▶ Required work:
Give back exactly the lines of the material below, starting with the line with "#132=EDGE_CURVE('E188',#131,#123,#129,.T.);" and going on through the line with "#185=LINE('',#184,#183);".
[Start of Attachment]
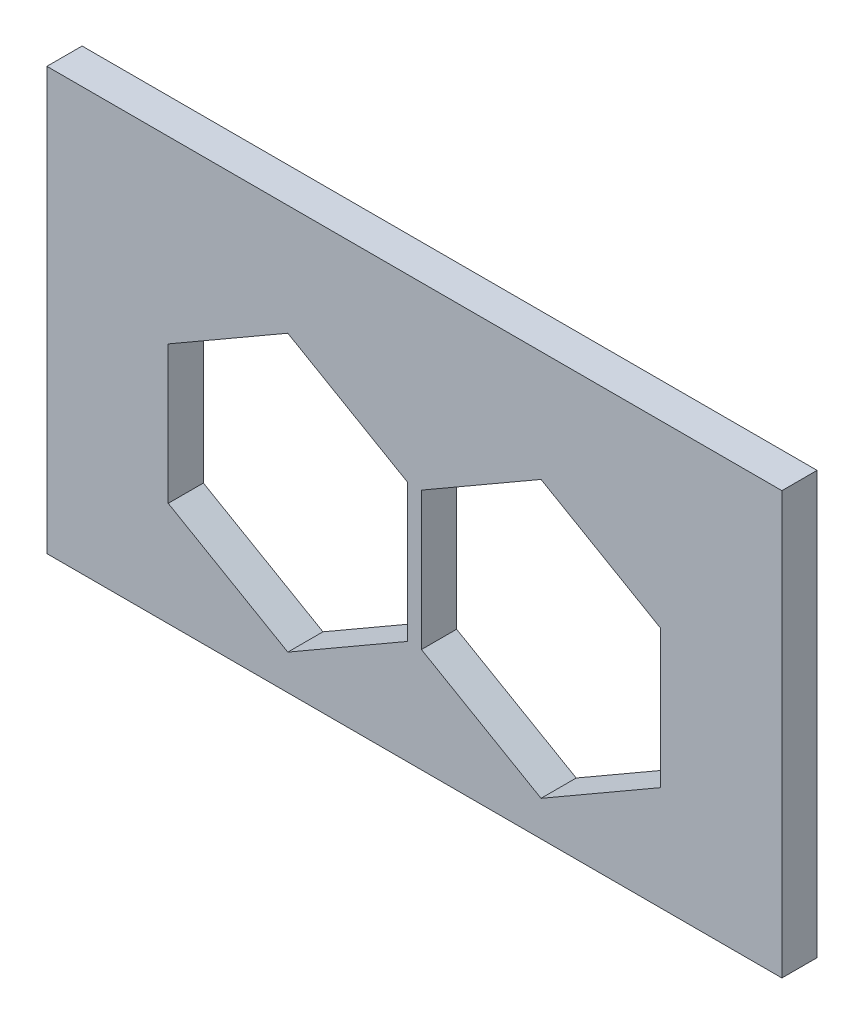
ISO-10303-21;
HEADER;
FILE_DESCRIPTION(('STEP AP214'),'2;1');
FILE_NAME('part.step','',(''),(''),'','','');
FILE_SCHEMA(('AUTOMOTIVE_DESIGN { 1 0 10303 214 1 1 1 1 }'));
ENDSEC;
DATA;
#1=APPLICATION_CONTEXT('core data for automotive mechanical design processes');
#2=APPLICATION_PROTOCOL_DEFINITION('international standard','automotive_design',2000,#1);
#3=PRODUCT_CONTEXT('',#1,'mechanical');
#4=PRODUCT('Part','Part','',(#3));
#5=PRODUCT_RELATED_PRODUCT_CATEGORY('part','',(#4));
#6=PRODUCT_DEFINITION_FORMATION('','',#4);
#7=PRODUCT_DEFINITION_CONTEXT('part definition',#1,'design');
#8=PRODUCT_DEFINITION('design','',#6,#7);
#9=PRODUCT_DEFINITION_SHAPE('','',#8);
#10=(LENGTH_UNIT() NAMED_UNIT(*) SI_UNIT(.MILLI.,.METRE.));
#11=(NAMED_UNIT(*) PLANE_ANGLE_UNIT() SI_UNIT($,.RADIAN.));
#12=(NAMED_UNIT(*) SI_UNIT($,.STERADIAN.) SOLID_ANGLE_UNIT());
#13=UNCERTAINTY_MEASURE_WITH_UNIT(LENGTH_MEASURE(1.E-05),#10,'distance_accuracy_value','');
#14=(GEOMETRIC_REPRESENTATION_CONTEXT(3) GLOBAL_UNCERTAINTY_ASSIGNED_CONTEXT((#13)) GLOBAL_UNIT_ASSIGNED_CONTEXT((#10,
#11,#12)) REPRESENTATION_CONTEXT('',''));
#15=CARTESIAN_POINT('',(0.,0.,0.));
#16=DIRECTION('',(0.,0.,1.));
#17=DIRECTION('',(1.,0.,0.));
#18=AXIS2_PLACEMENT_3D('',#15,#16,#17);
#19=CARTESIAN_POINT('',(0.,0.,3.175));
#20=DIRECTION('',(0.,0.,1.));
#21=DIRECTION('',(1.,0.,0.));
#22=AXIS2_PLACEMENT_3D('',#19,#20,#21);
#23=PLANE('',#22);
#24=DIRECTION('',(0.,-1.,0.));
#25=VECTOR('',#24,1.);
#26=CARTESIAN_POINT('',(-33.17494,-19.05,3.175));
#27=LINE('',#26,#25);
#28=CARTESIAN_POINT('',(-33.17494,19.05,3.175));
#29=VERTEX_POINT('',#28);
#30=CARTESIAN_POINT('',(-33.17494,-19.05,3.175));
#31=VERTEX_POINT('',#30);
#32=EDGE_CURVE('E285',#29,#31,#27,.T.);
#33=ORIENTED_EDGE('',*,*,#32,.T.);
#34=DIRECTION('',(1.,0.,0.));
#35=VECTOR('',#34,1.);
#36=CARTESIAN_POINT('',(33.17494,-19.05,3.175));
#37=LINE('',#36,#35);
#38=CARTESIAN_POINT('',(33.17494,-19.05,3.175));
#39=VERTEX_POINT('',#38);
#40=EDGE_CURVE('E289',#31,#39,#37,.T.);
#41=ORIENTED_EDGE('',*,*,#40,.T.);
#42=DIRECTION('',(0.,1.,0.));
#43=VECTOR('',#42,1.);
#44=CARTESIAN_POINT('',(33.17494,-19.05,3.175));
#45=LINE('',#44,#43);
#46=CARTESIAN_POINT('',(33.17494,19.05,3.175));
#47=VERTEX_POINT('',#46);
#48=EDGE_CURVE('E293',#39,#47,#45,.T.);
#49=ORIENTED_EDGE('',*,*,#48,.T.);
#50=DIRECTION('',(-1.,0.,0.));
#51=VECTOR('',#50,1.);
#52=CARTESIAN_POINT('',(33.17494,19.05,3.175));
#53=LINE('',#52,#51);
#54=EDGE_CURVE('E296',#47,#29,#53,.T.);
#55=ORIENTED_EDGE('',*,*,#54,.T.);
#56=EDGE_LOOP('',(#33,#41,#49,#55));
#57=FACE_BOUND('',#56,.T.);
#58=DIRECTION('',(0.866025403784439,0.5,0.));
#59=VECTOR('',#58,1.);
#60=CARTESIAN_POINT('',(11.43,-15.875,3.175));
#61=LINE('',#60,#59);
#62=CARTESIAN_POINT('',(11.43,-15.875,3.175));
#63=VERTEX_POINT('',#62);
#64=CARTESIAN_POINT('',(22.2250004660914,-9.64250357500002,3.175));
#65=VERTEX_POINT('',#64);
#66=EDGE_CURVE('E225',#63,#65,#61,.T.);
#67=ORIENTED_EDGE('',*,*,#66,.F.);
#68=DIRECTION('',(0.86602540378444,-0.499999999999999,0.));
#69=VECTOR('',#68,1.);
#70=CARTESIAN_POINT('',(0.634999533908611,-9.642503575,3.175));
#71=LINE('',#70,#69);
#72=CARTESIAN_POINT('',(0.634999533908611,-9.642503575,3.175));
#73=VERTEX_POINT('',#72);
#74=EDGE_CURVE('E222',#73,#63,#71,.T.);
#75=ORIENTED_EDGE('',*,*,#74,.F.);
#76=DIRECTION('',(0.,-1.,0.));
#77=VECTOR('',#76,1.);
#78=CARTESIAN_POINT('',(0.634999533908612,2.822489275,3.175));
#79=LINE('',#78,#77);
#80=CARTESIAN_POINT('',(0.634999533908612,2.822489275,3.175));
#81=VERTEX_POINT('',#80);
#82=EDGE_CURVE('E239',#81,#73,#79,.T.);
#83=ORIENTED_EDGE('',*,*,#82,.F.);
#84=DIRECTION('',(-0.866025403784439,-0.5,0.));
#85=VECTOR('',#84,1.);
#86=CARTESIAN_POINT('',(11.43,9.05498569999998,3.175));
#87=LINE('',#86,#85);
#88=CARTESIAN_POINT('',(11.43,9.05498569999998,3.175));
#89=VERTEX_POINT('',#88);
#90=EDGE_CURVE('E235',#89,#81,#87,.T.);
#91=ORIENTED_EDGE('',*,*,#90,.F.);
#92=DIRECTION('',(-0.866025403784439,0.499999999999999,0.));
#93=VECTOR('',#92,1.);
#94=CARTESIAN_POINT('',(22.2250004660914,2.82248927499998,3.175));
#95=LINE('',#94,#93);
#96=CARTESIAN_POINT('',(22.2250004660914,2.82248927499998,3.175));
#97=VERTEX_POINT('',#96);
#98=EDGE_CURVE('E232',#97,#89,#95,.T.);
#99=ORIENTED_EDGE('',*,*,#98,.F.);
#100=DIRECTION('',(0.,1.,0.));
#101=VECTOR('',#100,1.);
#102=CARTESIAN_POINT('',(22.2250004660914,-9.64250357500002,3.175));
#103=LINE('',#102,#101);
#104=EDGE_CURVE('E229',#65,#97,#103,.T.);
#105=ORIENTED_EDGE('',*,*,#104,.F.);
#106=EDGE_LOOP('',(#67,#75,#83,#91,#99,#105));
#107=FACE_BOUND('',#106,.T.);
#108=DIRECTION('',(-0.866025403784439,0.5,0.));
#109=VECTOR('',#108,1.);
#110=CARTESIAN_POINT('',(-11.43,9.05498569999998,3.175));
#111=LINE('',#110,#109);
#112=CARTESIAN_POINT('',(-0.634999533908612,2.822489275,3.175));
#113=VERTEX_POINT('',#112);
#114=CARTESIAN_POINT('',(-11.43,9.05498569999998,3.175));
#115=VERTEX_POINT('',#114);
#116=EDGE_CURVE('E162',#113,#115,#111,.T.);
#117=ORIENTED_EDGE('',*,*,#116,.F.);
#118=DIRECTION('',(0.,1.,0.));
#119=VECTOR('',#118,1.);
#120=CARTESIAN_POINT('',(-0.634999533908612,2.822489275,3.175));
#121=LINE('',#120,#119);
#122=CARTESIAN_POINT('',(-0.634999533908611,-9.642503575,3.175));
#123=VERTEX_POINT('',#122);
#124=EDGE_CURVE('E153',#123,#113,#121,.T.);
#125=ORIENTED_EDGE('',*,*,#124,.F.);
#126=DIRECTION('',(0.86602540378444,0.499999999999998,0.));
#127=VECTOR('',#126,1.);
#128=CARTESIAN_POINT('',(-0.634999533908611,-9.642503575,3.175));
#129=LINE('',#128,#127);
#130=CARTESIAN_POINT('',(-11.43,-15.875,3.175));
#131=VERTEX_POINT('',#130);
#132=EDGE_CURVE('E188',#131,#123,#129,.T.);
#133=ORIENTED_EDGE('',*,*,#132,.F.);
#134=DIRECTION('',(0.866025403784439,-0.5,0.));
#135=VECTOR('',#134,1.);
#136=CARTESIAN_POINT('',(-11.43,-15.875,3.175));
#137=LINE('',#136,#135);
#138=CARTESIAN_POINT('',(-22.2250004660914,-9.64250357500002,3.175));
#139=VERTEX_POINT('',#138);
#140=EDGE_CURVE('E185',#139,#131,#137,.T.);
#141=ORIENTED_EDGE('',*,*,#140,.F.);
#142=DIRECTION('',(0.,-1.,0.));
#143=VECTOR('',#142,1.);
#144=CARTESIAN_POINT('',(-22.2250004660914,-9.64250357500002,3.175));
#145=LINE('',#144,#143);
#146=CARTESIAN_POINT('',(-22.2250004660914,2.82248927499998,3.175));
#147=VERTEX_POINT('',#146);
#148=EDGE_CURVE('E180',#147,#139,#145,.T.);
#149=ORIENTED_EDGE('',*,*,#148,.F.);
#150=DIRECTION('',(-0.866025403784439,-0.499999999999999,0.));
#151=VECTOR('',#150,1.);
#152=CARTESIAN_POINT('',(-22.2250004660914,2.82248927499998,3.175));
#153=LINE('',#152,#151);
#154=EDGE_CURVE('E176',#115,#147,#153,.T.);
#155=ORIENTED_EDGE('',*,*,#154,.F.);
#156=EDGE_LOOP('',(#117,#125,#133,#141,#149,#155));
#157=FACE_BOUND('',#156,.T.);
#158=ADVANCED_FACE('F39',(#57,#107,#157),#23,.T.);
#159=CARTESIAN_POINT('',(0.,0.,0.));
#160=DIRECTION('',(0.,0.,1.));
#161=DIRECTION('',(1.,0.,0.));
#162=AXIS2_PLACEMENT_3D('',#159,#160,#161);
#163=PLANE('',#162);
#164=DIRECTION('',(0.86602540378444,-0.499999999999999,0.));
#165=VECTOR('',#164,1.);
#166=CARTESIAN_POINT('',(0.634999533908611,-9.642503575,0.));
#167=LINE('',#166,#165);
#168=CARTESIAN_POINT('',(0.634999533908611,-9.642503575,0.));
#169=VERTEX_POINT('',#168);
#170=CARTESIAN_POINT('',(11.43,-15.875,0.));
#171=VERTEX_POINT('',#170);
#172=EDGE_CURVE('E171',#169,#171,#167,.T.);
#173=ORIENTED_EDGE('',*,*,#172,.T.);
#174=DIRECTION('',(0.866025403784439,0.5,0.));
#175=VECTOR('',#174,1.);
#176=CARTESIAN_POINT('',(11.43,-15.875,0.));
#177=LINE('',#176,#175);
#178=CARTESIAN_POINT('',(22.2250004660914,-9.64250357500002,0.));
#179=VERTEX_POINT('',#178);
#180=EDGE_CURVE('E246',#171,#179,#177,.T.);
#181=ORIENTED_EDGE('',*,*,#180,.T.);
#182=DIRECTION('',(0.,1.,0.));
#183=VECTOR('',#182,1.);
#184=CARTESIAN_POINT('',(22.2250004660914,-9.64250357500002,0.));
#185=LINE('',#184,#183);
#186=CARTESIAN_POINT('',(22.2250004660914,2.82248927499998,0.));
#187=VERTEX_POINT('',#186);
#188=EDGE_CURVE('E250',#179,#187,#185,.T.);
#189=ORIENTED_EDGE('',*,*,#188,.T.);
#190=DIRECTION('',(-0.866025403784439,0.499999999999999,0.));
#191=VECTOR('',#190,1.);
#192=CARTESIAN_POINT('',(22.2250004660914,2.82248927499998,0.));
#193=LINE('',#192,#191);
#194=CARTESIAN_POINT('',(11.43,9.05498569999998,0.));
#195=VERTEX_POINT('',#194);
#196=EDGE_CURVE('E254',#187,#195,#193,.T.);
#197=ORIENTED_EDGE('',*,*,#196,.T.);
#198=DIRECTION('',(-0.866025403784439,-0.5,0.));
#199=VECTOR('',#198,1.);
#200=CARTESIAN_POINT('',(11.43,9.05498569999998,0.));
#201=LINE('',#200,#199);
#202=CARTESIAN_POINT('',(0.634999533908612,2.822489275,0.));
#203=VERTEX_POINT('',#202);
#204=EDGE_CURVE('E258',#195,#203,#201,.T.);
#205=ORIENTED_EDGE('',*,*,#204,.T.);
#206=DIRECTION('',(0.,-1.,0.));
#207=VECTOR('',#206,1.);
#208=CARTESIAN_POINT('',(0.634999533908612,2.822489275,0.));
#209=LINE('',#208,#207);
#210=EDGE_CURVE('E226',#203,#169,#209,.T.);
#211=ORIENTED_EDGE('',*,*,#210,.T.);
#212=EDGE_LOOP('',(#173,#181,#189,#197,#205,#211));
#213=FACE_BOUND('',#212,.T.);
#214=DIRECTION('',(0.,-1.,0.));
#215=VECTOR('',#214,1.);
#216=CARTESIAN_POINT('',(-33.17494,-19.05,0.));
#217=LINE('',#216,#215);
#218=CARTESIAN_POINT('',(-33.17494,19.05,0.));
#219=VERTEX_POINT('',#218);
#220=CARTESIAN_POINT('',(-33.17494,-19.05,0.));
#221=VERTEX_POINT('',#220);
#222=EDGE_CURVE('E284',#219,#221,#217,.T.);
#223=ORIENTED_EDGE('',*,*,#222,.F.);
#224=DIRECTION('',(-1.,0.,0.));
#225=VECTOR('',#224,1.);
#226=CARTESIAN_POINT('',(33.17494,19.05,0.));
#227=LINE('',#226,#225);
#228=CARTESIAN_POINT('',(33.17494,19.05,0.));
#229=VERTEX_POINT('',#228);
#230=EDGE_CURVE('E290',#229,#219,#227,.T.);
#231=ORIENTED_EDGE('',*,*,#230,.F.);
#232=DIRECTION('',(0.,1.,0.));
#233=VECTOR('',#232,1.);
#234=CARTESIAN_POINT('',(33.17494,-19.05,0.));
#235=LINE('',#234,#233);
#236=CARTESIAN_POINT('',(33.17494,-19.05,0.));
#237=VERTEX_POINT('',#236);
#238=EDGE_CURVE('E306',#237,#229,#235,.T.);
#239=ORIENTED_EDGE('',*,*,#238,.F.);
#240=DIRECTION('',(1.,0.,0.));
#241=VECTOR('',#240,1.);
#242=CARTESIAN_POINT('',(33.17494,-19.05,0.));
#243=LINE('',#242,#241);
#244=EDGE_CURVE('E303',#221,#237,#243,.T.);
#245=ORIENTED_EDGE('',*,*,#244,.F.);
#246=EDGE_LOOP('',(#223,#231,#239,#245));
#247=FACE_BOUND('',#246,.T.);
#248=DIRECTION('',(0.,1.,0.));
#249=VECTOR('',#248,1.);
#250=CARTESIAN_POINT('',(-0.634999533908612,2.822489275,0.));
#251=LINE('',#250,#249);
#252=CARTESIAN_POINT('',(-0.63499953390861,-9.642503575,0.));
#253=VERTEX_POINT('',#252);
#254=CARTESIAN_POINT('',(-0.634999533908612,2.822489275,0.));
#255=VERTEX_POINT('',#254);
#256=EDGE_CURVE('E63',#253,#255,#251,.T.);
#257=ORIENTED_EDGE('',*,*,#256,.T.);
#258=DIRECTION('',(-0.866025403784439,0.5,0.));
#259=VECTOR('',#258,1.);
#260=CARTESIAN_POINT('',(-11.43,9.05498569999998,0.));
#261=LINE('',#260,#259);
#262=CARTESIAN_POINT('',(-11.43,9.05498569999998,0.));
#263=VERTEX_POINT('',#262);
#264=EDGE_CURVE('E169',#255,#263,#261,.T.);
#265=ORIENTED_EDGE('',*,*,#264,.T.);
#266=DIRECTION('',(-0.866025403784439,-0.499999999999999,0.));
#267=VECTOR('',#266,1.);
#268=CARTESIAN_POINT('',(-22.2250004660914,2.82248927499998,0.));
#269=LINE('',#268,#267);
#270=CARTESIAN_POINT('',(-22.2250004660914,2.82248927499998,0.));
#271=VERTEX_POINT('',#270);
#272=EDGE_CURVE('E195',#263,#271,#269,.T.);
#273=ORIENTED_EDGE('',*,*,#272,.T.);
#274=DIRECTION('',(0.,-1.,0.));
#275=VECTOR('',#274,1.);
#276=CARTESIAN_POINT('',(-22.2250004660914,-9.64250357500002,0.));
#277=LINE('',#276,#275);
#278=CARTESIAN_POINT('',(-22.2250004660914,-9.64250357500002,0.));
#279=VERTEX_POINT('',#278);
#280=EDGE_CURVE('E199',#271,#279,#277,.T.);
#281=ORIENTED_EDGE('',*,*,#280,.T.);
#282=DIRECTION('',(0.866025403784439,-0.5,0.));
#283=VECTOR('',#282,1.);
#284=CARTESIAN_POINT('',(-11.43,-15.875,0.));
#285=LINE('',#284,#283);
#286=CARTESIAN_POINT('',(-11.43,-15.875,0.));
#287=VERTEX_POINT('',#286);
#288=EDGE_CURVE('E203',#279,#287,#285,.T.);
#289=ORIENTED_EDGE('',*,*,#288,.T.);
#290=DIRECTION('',(0.86602540378444,0.499999999999998,0.));
#291=VECTOR('',#290,1.);
#292=CARTESIAN_POINT('',(-0.634999533908611,-9.642503575,0.));
#293=LINE('',#292,#291);
#294=EDGE_CURVE('E163',#287,#253,#293,.T.);
#295=ORIENTED_EDGE('',*,*,#294,.T.);
#296=EDGE_LOOP('',(#257,#265,#273,#281,#289,#295));
#297=FACE_BOUND('',#296,.T.);
#298=ADVANCED_FACE('F329',(#213,#247,#297),#163,.F.);
#299=CARTESIAN_POINT('',(-33.17494,-19.05,3.175));
#300=DIRECTION('',(1.,0.,0.));
#301=DIRECTION('',(0.,0.,-1.));
#302=AXIS2_PLACEMENT_3D('',#299,#300,#301);
#303=PLANE('',#302);
#304=ORIENTED_EDGE('',*,*,#222,.T.);
#305=DIRECTION('',(0.,0.,-1.));
#306=VECTOR('',#305,1.);
#307=CARTESIAN_POINT('',(-33.17494,-19.05,3.175));
#308=LINE('',#307,#306);
#309=EDGE_CURVE('E11',#31,#221,#308,.T.);
#310=ORIENTED_EDGE('',*,*,#309,.F.);
#311=ORIENTED_EDGE('',*,*,#32,.F.);
#312=DIRECTION('',(0.,0.,-1.));
#313=VECTOR('',#312,1.);
#314=CARTESIAN_POINT('',(-33.17494,19.05,3.175));
#315=LINE('',#314,#313);
#316=EDGE_CURVE('E299',#29,#219,#315,.T.);
#317=ORIENTED_EDGE('',*,*,#316,.T.);
#318=EDGE_LOOP('',(#304,#310,#311,#317));
#319=FACE_BOUND('',#318,.T.);
#320=ADVANCED_FACE('F41',(#319),#303,.F.);
#321=CARTESIAN_POINT('',(33.17494,-19.05,3.175));
#322=DIRECTION('',(0.,1.,0.));
#323=DIRECTION('',(0.,0.,1.));
#324=AXIS2_PLACEMENT_3D('',#321,#322,#323);
#325=PLANE('',#324);
#326=ORIENTED_EDGE('',*,*,#244,.T.);
#327=DIRECTION('',(0.,0.,-1.));
#328=VECTOR('',#327,1.);
#329=CARTESIAN_POINT('',(33.17494,-19.05,3.175));
#330=LINE('',#329,#328);
#331=EDGE_CURVE('E48',#39,#237,#330,.T.);
#332=ORIENTED_EDGE('',*,*,#331,.F.);
#333=ORIENTED_EDGE('',*,*,#40,.F.);
#334=ORIENTED_EDGE('',*,*,#309,.T.);
#335=EDGE_LOOP('',(#326,#332,#333,#334));
#336=FACE_BOUND('',#335,.T.);
#337=ADVANCED_FACE('F340',(#336),#325,.F.);
#338=CARTESIAN_POINT('',(33.17494,-19.05,3.175));
#339=DIRECTION('',(-1.,0.,0.));
#340=DIRECTION('',(0.,0.,1.));
#341=AXIS2_PLACEMENT_3D('',#338,#339,#340);
#342=PLANE('',#341);
#343=ORIENTED_EDGE('',*,*,#238,.T.);
#344=DIRECTION('',(0.,0.,-1.));
#345=VECTOR('',#344,1.);
#346=CARTESIAN_POINT('',(33.17494,19.05,3.175));
#347=LINE('',#346,#345);
#348=EDGE_CURVE('E314',#47,#229,#347,.T.);
#349=ORIENTED_EDGE('',*,*,#348,.F.);
#350=ORIENTED_EDGE('',*,*,#48,.F.);
#351=ORIENTED_EDGE('',*,*,#331,.T.);
#352=EDGE_LOOP('',(#343,#349,#350,#351));
#353=FACE_BOUND('',#352,.T.);
#354=ADVANCED_FACE('F323',(#353),#342,.F.);
#355=CARTESIAN_POINT('',(33.17494,19.05,3.175));
#356=DIRECTION('',(0.,-1.,0.));
#357=DIRECTION('',(0.,0.,-1.));
#358=AXIS2_PLACEMENT_3D('',#355,#356,#357);
#359=PLANE('',#358);
#360=ORIENTED_EDGE('',*,*,#230,.T.);
#361=ORIENTED_EDGE('',*,*,#316,.F.);
#362=ORIENTED_EDGE('',*,*,#54,.F.);
#363=ORIENTED_EDGE('',*,*,#348,.T.);
#364=EDGE_LOOP('',(#360,#361,#362,#363));
#365=FACE_BOUND('',#364,.T.);
#366=ADVANCED_FACE('F333',(#365),#359,.F.);
#367=CARTESIAN_POINT('',(0.634999533908611,-9.642503575,3.175));
#368=DIRECTION('',(0.499999999999999,0.866025403784439,0.));
#369=DIRECTION('',(-0.866025403784439,0.499999999999999,0.));
#370=AXIS2_PLACEMENT_3D('',#367,#368,#369);
#371=PLANE('',#370);
#372=ORIENTED_EDGE('',*,*,#172,.F.);
#373=DIRECTION('',(0.,0.,-1.));
#374=VECTOR('',#373,1.);
#375=CARTESIAN_POINT('',(0.634999533908611,-9.642503575,3.175));
#376=LINE('',#375,#374);
#377=EDGE_CURVE('E242',#73,#169,#376,.T.);
#378=ORIENTED_EDGE('',*,*,#377,.F.);
#379=ORIENTED_EDGE('',*,*,#74,.T.);
#380=DIRECTION('',(0.,0.,-1.));
#381=VECTOR('',#380,1.);
#382=CARTESIAN_POINT('',(11.43,-15.875,3.175));
#383=LINE('',#382,#381);
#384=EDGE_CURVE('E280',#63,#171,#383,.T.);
[End of Attachment]
▶ Answer to the problem:
#132=EDGE_CURVE('E188',#131,#123,#129,.T.);
#133=ORIENTED_EDGE('',*,*,#132,.F.);
#134=DIRECTION('',(0.866025403784439,-0.5,0.));
#135=VECTOR('',#134,1.);
#136=CARTESIAN_POINT('',(-11.43,-15.875,3.175));
#137=LINE('',#136,#135);
#138=CARTESIAN_POINT('',(-22.2250004660914,-9.64250357500002,3.175));
#139=VERTEX_POINT('',#138);
#140=EDGE_CURVE('E185',#139,#131,#137,.T.);
#141=ORIENTED_EDGE('',*,*,#140,.F.);
#142=DIRECTION('',(0.,-1.,0.));
#143=VECTOR('',#142,1.);
#144=CARTESIAN_POINT('',(-22.2250004660914,-9.64250357500002,3.175));
#145=LINE('',#144,#143);
#146=CARTESIAN_POINT('',(-22.2250004660914,2.82248927499998,3.175));
#147=VERTEX_POINT('',#146);
#148=EDGE_CURVE('E180',#147,#139,#145,.T.);
#149=ORIENTED_EDGE('',*,*,#148,.F.);
#150=DIRECTION('',(-0.866025403784439,-0.499999999999999,0.));
#151=VECTOR('',#150,1.);
#152=CARTESIAN_POINT('',(-22.2250004660914,2.82248927499998,3.175));
#153=LINE('',#152,#151);
#154=EDGE_CURVE('E176',#115,#147,#153,.T.);
#155=ORIENTED_EDGE('',*,*,#154,.F.);
#156=EDGE_LOOP('',(#117,#125,#133,#141,#149,#155));
#157=FACE_BOUND('',#156,.T.);
#158=ADVANCED_FACE('F39',(#57,#107,#157),#23,.T.);
#159=CARTESIAN_POINT('',(0.,0.,0.));
#160=DIRECTION('',(0.,0.,1.));
#161=DIRECTION('',(1.,0.,0.));
#162=AXIS2_PLACEMENT_3D('',#159,#160,#161);
#163=PLANE('',#162);
#164=DIRECTION('',(0.86602540378444,-0.499999999999999,0.));
#165=VECTOR('',#164,1.);
#166=CARTESIAN_POINT('',(0.634999533908611,-9.642503575,0.));
#167=LINE('',#166,#165);
#168=CARTESIAN_POINT('',(0.634999533908611,-9.642503575,0.));
#169=VERTEX_POINT('',#168);
#170=CARTESIAN_POINT('',(11.43,-15.875,0.));
#171=VERTEX_POINT('',#170);
#172=EDGE_CURVE('E171',#169,#171,#167,.T.);
#173=ORIENTED_EDGE('',*,*,#172,.T.);
#174=DIRECTION('',(0.866025403784439,0.5,0.));
#175=VECTOR('',#174,1.);
#176=CARTESIAN_POINT('',(11.43,-15.875,0.));
#177=LINE('',#176,#175);
#178=CARTESIAN_POINT('',(22.2250004660914,-9.64250357500002,0.));
#179=VERTEX_POINT('',#178);
#180=EDGE_CURVE('E246',#171,#179,#177,.T.);
#181=ORIENTED_EDGE('',*,*,#180,.T.);
#182=DIRECTION('',(0.,1.,0.));
#183=VECTOR('',#182,1.);
#184=CARTESIAN_POINT('',(22.2250004660914,-9.64250357500002,0.));
#185=LINE('',#184,#183);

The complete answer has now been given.